La heterogeneidad ambiental dominada mayormente por diferencias en los regímenes lumínicos afecta la expresión de la plasticidad fenotípica, la cual es importante para el crecimiento y la supervivencia de las plantas, especialmente en el sotobosque. Conocer dichas respuestas ante la heterogeneidad es un factor clave para las iniciativas de restauración forestal. En este estudio, determinamos varias respuestas fenotípicas ante condiciones lumínicas contrastantes de cinco especies de plántulas de árboles nativos del Pacífico Central de Costa Rica, algunos de ellos con poblaciones amenazadas. El crecimiento, la asignación de biomasa y el intercambio gaseoso a nivel foliar se midieron al final de once semanas de aclimatación en tres regímenes con diferente radiación: claro grande (LG), claro mediano (MG) y claro pequeño (SG) que corresponden al 54, 24 y 9% de la media del factor de radiación indirecta e indirecta en cada sitio a pleno sol, respectivamente. Cuatro especies presentan fuertes disminuciones en la tasa de crecimiento relativo (RGR) en la condición de poca luz.

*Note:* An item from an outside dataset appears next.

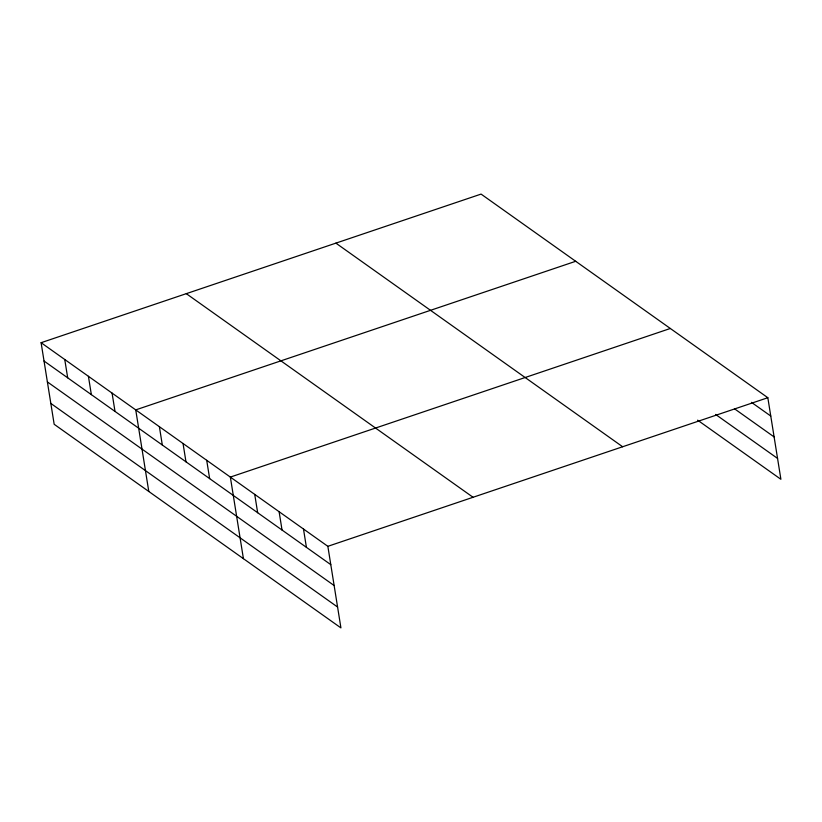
<?xml version="1.0" encoding="UTF-8"?>
<svg xmlns="http://www.w3.org/2000/svg" width="822" height="822" viewBox="0 0 822 822"><rect width="100%" height="100%" fill="white"/><g stroke="black" fill="none" stroke-linecap="round" stroke-linejoin="round"><path stroke-width="1.23" d="M41.1 342.702L327.855 546.322L340.925 627.905L54.17 424.286L41.1 342.702L481.076 194.095L767.83 397.714L780.9 479.298L697.621 420.165M575.708 261.283L135.733 409.89L148.792 491.484M670.331 328.481L230.355 477.089L243.425 558.683M327.855 546.322L767.83 397.714M751.472 402.348L770.769 416.045M734.508 408.791L774.108 436.924M715.602 414.432L777.561 458.429M335.89 243.127L622.634 446.747M186.296 293.66L473.051 497.279M44.039 361.033L330.793 564.652M47.378 381.911L334.133 585.531M50.82 403.417L337.575 607.037M303.482 529.008L306.421 547.349M279.11 511.705L282.038 530.036M254.728 494.392L257.666 512.733M206.702 460.289L209.641 478.63M183.039 443.49L185.978 461.83M159.386 426.69L162.324 445.031M112.069 393.091L115.008 411.432M88.416 376.301L91.355 394.632M64.753 359.502L67.692 377.832"/></g></svg>

La biomasa total, RGR y la relación raíz/tallo fueron diferentes para todas las especies. Hymenaea courbaril y Astronium graveolens respondieron significativamente en la tasa de asimilación máxima, con un valor promedio en el LG de 11.02 y 7.70µmolCO2/m²s¹ respectivamente. Platymiscium curuense mostró tendencias similares y cambios significativos en la RGR y la asignación de biomasa. Aspidosperma myristicifolium y Plinia puriscalensis mostraron una plasticidad muy baja debido que no expresaron ajustes en ninguna de las variables medidas ante los regímenes de luz. Este estudio resalta la importancia de determinar el crecimiento y el rendimiento fisiológico de estas especies de árboles nativos. También demuestra que las especies más amenazadas son aquellas con las respuestas con menor plasticidad ante los regímenes luz, lo que acentúa la difícil situación de sus poblaciones naturales. Este estudio destaca una urgente definición de las necesidades de conservación y restauración de los bosques degradados de zona del Pacífico Central costarricense, donde estas especies habitan.